Why this matters economically: At scale, each LLM call costs money. If a table has 10,000 rows and each LLM inference costs $0.01, naive execution costs $100 per query. A 3× improvement in prefix caching reduces effective cost to ~$33. Across millions of queries, this saves millions of dollars.

The baseline: QuickGreedy (GGR)

The published SOTA uses Greedy Recursive Grouping: recursively group rows by common field values, reorder fields using schema statistics.

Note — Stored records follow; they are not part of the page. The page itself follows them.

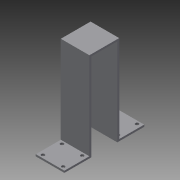
# Autodesk Inventor part: Sheet Metal Arm v2
Saved by Autodesk Inventor 2015 (Build 190159000, 159)
## iProperties
Created: 2015-02-27
Part Number: Sheet Metal Arm v2
Material: Generic
Document SubType Name: Modeling
Designer: pltwe4
Density: 1 g/cm^3
Appearance: Default
Author: pltwe4
Autodesk Inventor part; units mm, degrees
ref_plane "YZ Plane" through (0, 0, 0) normal (1, 0, 0) x (0, 1, 0)
ref_plane "XZ Plane" through (0, 0, 0) normal (0, 1, 0) x (-1, 0, 0)
ref_plane "XY Plane" through (0, 0, 0) normal (0, 0, 1) x (1, 0, 0)
sketch "Sketch1" plane through (0, 0, 0) normal (1, 0, 0) x (0, 1, 0)
  line L0 (0, 67) -> (0, 21.825)
  line L1 (0, 21.825) -> (146.825, 21.825)
  line L2 (146.825, 21.825) -> (146.825, -21.825)
  line L3 (146.825, -21.825) -> (0, -21.825)
  line L4 (0, -21.825) -> (0, -67)
  line L5 (0, -67) -> (3.175, -67)
  line L6 (3.175, -67) -> (3.175, -25)
  line L7 (3.175, -25) -> (150, -25)
  line L8 (150, -25) -> (150, 25)
  line L9 (150, 25) -> (3.175, 25)
  line L10 (3.175, 25) -> (3.175, 67)
  line L11 (3.175, 67) -> (0, 67)
  line L12 (6.6614, 25) -> (6.6614, 21.825) construction
  line L13 (146.825, 0) -> (150, 0) construction
  line L14 (6.6614, -21.825) -> (6.6614, -25) construction
  line L15 (-30, 0) -> (180, 0) construction
  line L16 (106.5396, 7.913) -> (72.5659, 7.913) construction
  line L17 (114.8237, 28.913) -> (65.8343, 28.913) construction
  point P0 (0, 0)
  dimension "d0" = 3.175
  dimension "d2" = 50
  dimension "d3" = 150
  dimension "d4" = 29.738
  dimension "d5" = 21
  dimension "d24" = 42
  constraints: 34 end point, 16 perpendicular, 9 point on line, 2 horizontal, 2 midpoint, 1 vertical, 4 other
  measures "d0" distance of L10.end L0.start
  measures "d2" distance of L7.end L8.end
  measures "d3" distance between parallel lines of L0 L8
  measures "d4" distance between parallel lines of L3 L16
  measures "d5" distance between parallel lines of L16 L17
  measures "d24" distance between parallel lines of L11 L9
extrude "Extrusion1" add sketch "Sketch1" along normal mid plane 48
sketch "Sketch2" plane through (-24, 0, 21.825) normal (0, -1, 0) x (1, 0, 0)
  line L0 (0, 0) -> (0, 45.175) projected
  line L1 (0, 0) -> (48, 0) projected
  line L2 (48, 45.175) -> (48, 0) projected
  line L3 (48, 45.175) -> (0, 45.175) projected
  line L4 (0, -88.825) -> (0, -43.65) projected
  line L5 (0, -88.825) -> (48, -88.825) projected
  line L6 (48, -43.65) -> (48, -88.825) projected
  line L7 (0, -43.65) -> (48, -43.65) projected
  line L8 (0, 0) -> (48, 0) projected
  line L9 (0, 0) -> (0, 45.175) projected
  line L10 (24, 71.975) -> (24, -115.625) projected
  point P0 (24, -21.825)
  point P1 (41, 40.175)
  dimension "d9" = 5
  dimension "d10" = 17
  measures "d9" distance from line of L3 point (41, 40.175)
  measures "d10" distance from line of L10 point (41, 40.175)
hole "Hole1" at (17, 0, 62) direction (0, 1, 0) diameter 5.5 end through all
pattern_linear "Rectangular Pattern1" count 2 spacing 32 along (0, 0, -1) count 2 spacing 34 along (-1, 0, 0) of "Hole1"
mirror "Mirror1" about plane through (0, 0, 0) normal (0, 0, 1) of "Hole1", "Rectangular Pattern1"
body "Solid1"
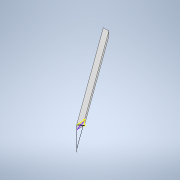
# Autodesk Inventor part: UpperExteriorDiagonal
Saved by Autodesk Inventor 2020.1 (Build 241239000, 239)
## iProperties
Created: 2020-02-04
Part Number: UpperExteriorDiagonal
Material: Generic
Document SubType Name: Modeling
Designer: super
Density: 1 g/cm^3
Appearance: Default
Author: super
Autodesk Inventor part; units mm, degrees
ref_plane "YZ Plane" through (0, 0, 0) normal (1, 0, 0) x (0, 1, 0)
ref_plane "XZ Plane" through (0, 0, 0) normal (0, 1, 0) x (-1, 0, 0)
ref_plane "XY Plane" through (0, 0, 0) normal (0, 0, 1) x (1, 0, 0)
sketch "Sketch1" plane through (0, 0, 0) normal (0, 1, 0) x (-1, 0, 0)
  line L0 (0, 0) -> (91.1067, -125.3976)
  line L1 (0, 0) -> (155, 0) construction
  line L2 (91.1067, -125.3976) -> (98.9557, -125.3976)
  line L3 (98.9557, -125.3976) -> (0, 10.8033)
  line L4 (0, 10.8033) -> (0, 0)
  dimension "d0" = 155
  dimension "d1" = 54
  constraints: 10 end point, 2 horizontal, 1 equal length, 1 perpendicular
  measures "d0" distance of L0.start L0.end
  measures "d1" angle of L0 L1
extrude "Extrusion1" add sketch "Sketch1" along normal blind 6.35
sketch "Sketch2" plane through (0, 6.35, 0) normal (0, 1, 0) x (1, 0, 0)
  point P0 (0, 0)
sketch "Sketch3" plane through (0, 0, 10.8033) normal (1, 0, 0) x (0, 0, -1)
  line L0 (0, 6.35) -> (10.8033, 6.35) projected
  line L1 (10.8033, 0) -> (10.8033, 6.35) projected
  line L2 (0, 6.35) -> (10.8033, 0)
  line L3 (10.8033, 6.35) -> (0, 0)
  constraints: 4 end point
sketch "Sketch4" plane through (0, 0, 10.8033) normal (1, 0, 0) x (0, 0, -1)
  point P0 (10.8033, 0)
sketch "Sketch5" plane through (0, 0, 10.8033) normal (1, 0, 0) x (0, 0, -1)
  point P0 (10.8033, 0)
body "Solid1"

It achieves good PHR but is slow due to repeated counter operations and deep recursion:

def QuickGreedy(df):
    # 1. Compute value counts for all values
    counts = Counter(df.stack())
    val_len = {v: len(str(v))+2 for v in counts}
    # 2. Pick max-value column
    v_star = argmax(...)
    # 3. Split rows with/without v_star
    G = rows with v_star
    R = rows without v_star
    # 4. Reorder columns in G, recurse on remainder
    # 5. Recurse on G remainder and R
    return concat(G, R)

The evolved policy

After 100 iterations (~1 hour, <$7), OpenEvolve discovers a fundamentally different approach:

def EvolvedPolicy(df):
    # 1. Cache value counts (compute ONCE)
    counts = Counter(df.stack())
    val_len = {v: len(str(v))+2 for v in counts}
    # 2. Larger base cutoff → fewer recursions
    BASE = 400
    v_star = argmax(...)
    if v_star is None: return fixed_reorder(df)
    # 3. Recurse only if |df| > BASE
    if len(df) > BASE:
        top, bottom = split(df)
        return concat(EvolvedPolicy(top),
                       EvolvedPolicy(bottom))
    # 4. Lightweight per-row heuristic:
    # sort by squared value length × continuity
    prev = None
    for row in df:
        if prev is None: ...
        matches = [c for c in df.columns
                   if row[c]==prev[c]]
        matches.sort(key=lambda c:
            val_len[row[c]], reverse=True)
        order = matches + [c for c in df.columns
                           if c not in matches]
    return df

The key innovations:

Cached value counts: Compute once globally, eliminating redundant counting at each recursion level
Direct attribute mapping: Replaces slow Pandas lookups with O(N_rows × N_cols) operations
Local per-row heuristic: Instead of global sorting, reorders fields per-row by maximizing continuity with the previous row, weighted by squared value length
Higher base threshold: Reduces recursion depth, trading grouping accuracy for speed

Result: Comparable PHR to QuickGreedy, but the reordering algorithm runs 3.9× faster. The combined score (0.5 × PHR + 0.5 × runtime_norm) is significantly higher. Tested across 5 recommendation datasets (movies, beer, BIRD, PDMX, products).

Evolution process

The search progresses in phases:

Iteration ~32: Discovers ordering by frequency × squared length (eliminates redundant value counting)
Iteration ~72: Adds normalized weights and multi-key sorting for the most informative columns
Iteration ~97: Final design with optimal speed-accuracy tradeoff, NumPy-based reordering replacing Pandas

Why does reordering table rows help reduce LLM inference cost?

Similar rows placed adjacently share long token prefixes, so the KV cache can be reused across consecutive LLM calls, skipping redundant computation It reduces the number of rows in the table It makes the SQL query simpler

Chapter 7: Case Study — Transaction Scheduling

In database systems, conflicts between transactions on shared data cause performance bottlenecks. If transaction A writes to key X and transaction B also writes to key X, they conflict. The scheduler must order transactions to minimize the total number of conflicts, thereby improving throughput.

The problem formulation

Given a set of transactions (each a sequence of read/write operations on keys), find an ordering that minimizes makespan — the total time to execute all transactions. This is equivalent to minimizing the cost of conflicts, because conflicts cause serialization delays.

The paper considers two settings:

Setting	Constraint	Difficulty
Online	Order is fixed once committed; keys unknown a priori	Must decide in O(n) time, no lookahead
Offline	Full batch visible; can use any ordering strategy	NP-hard in general, but good heuristics exist

The baseline: SMF (Shortest Makespan First)

SMF (Cheng et al., VLDB '24) is a greedy O(n × k) algorithm. At each step, it samples k random unscheduled transactions, picks the one that adds the least incremental cost (conflict-weighted), and appends it to the schedule.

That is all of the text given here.